> [Your objective] Please retype only the lines below that run from the one containing "(-19.812, 0), align=None)" through the last line, both included, without altering a word.

> [Recorded data]
-*-

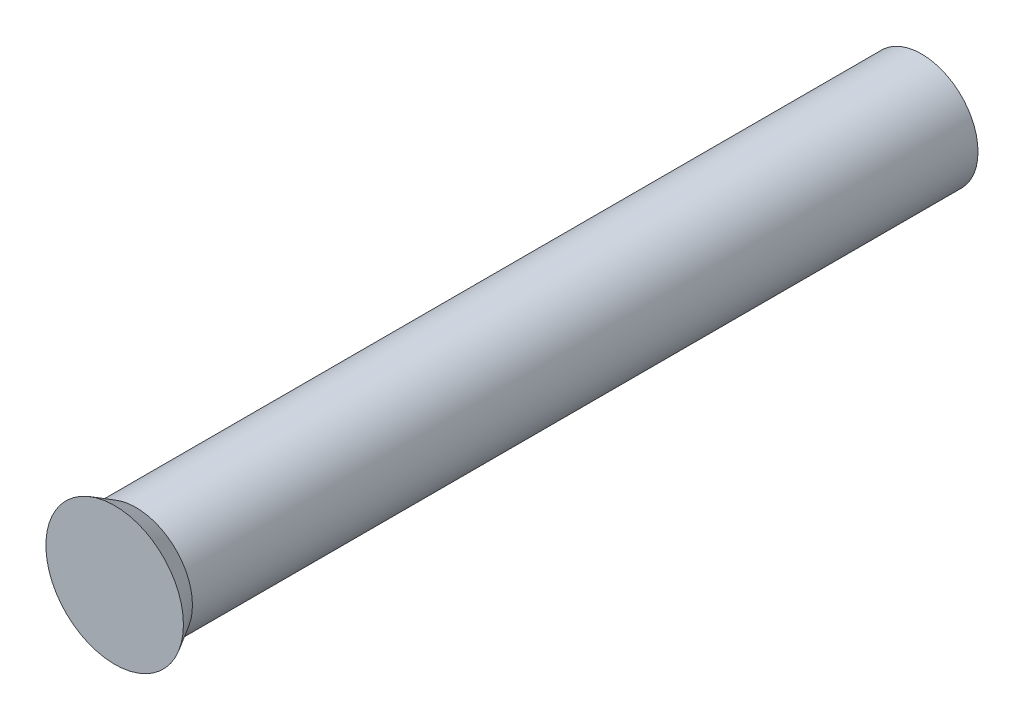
from build123d import *

# Parameters (mm, degrees)
SKETCH2_R           = 1.397
BOSS_EXTRUDE1_DEPTH = 19.812


with BuildPart() as part:
    # Sketch2 → Boss-Extrude1 (new body)
    with BuildSketch(Plane.XY):
        Circle(SKETCH2_R)
    extrude(amount=BOSS_EXTRUDE1_DEPTH)

    # Sketch3 → Cut-Revolve3 (revolve, cut)
    with BuildSketch(Plane(origin=(0, 0, 0), x_dir=(0, 0, -1), z_dir=(1, 0, 0)), mode=Mode.PRIVATE) as cut_revolve3_sk:
        with BuildLine():
            Line((-0.374325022, 1.397), (0.800761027, 1.397))
            Line((0.800761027, 1.397), (0.800761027, 0))
            Line((0.800761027, 0), (0, 0))
            ThreePointArc((0, 0), (-0.095203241, 0.723140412), (-0.374325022, 1.397))
        make_face()
    revolve(cut_revolve3_sk.sketch.rotate(Axis((0, 0, 2.794), (0, 0, -1)), 90), axis=Axis((0, 0, 2.794), (0, 0, -1)), mode=Mode.SUBTRACT)

    # Sketch4 → Revolve1 (revolve)
    with BuildSketch(Plane(origin=(0, 0, 0), x_dir=(0, 0, -1), z_dir=(1, 0, 0))):
        Polygon((-19.812, 1.397), (-20.339929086, 1.7018), (-20.339929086, 0), (-19.812, 0), align=None)
    revolve(axis=Axis((0, 0, 2.794), (0, 0, -1)))


solid = part.part

-*-

> [Response to this exercise]
        Polygon((-19.812, 1.397), (-20.339929086, 1.7018), (-20.339929086, 0), (-19.812, 0), align=None)
    revolve(axis=Axis((0, 0, 2.794), (0, 0, -1)))


solid = part.part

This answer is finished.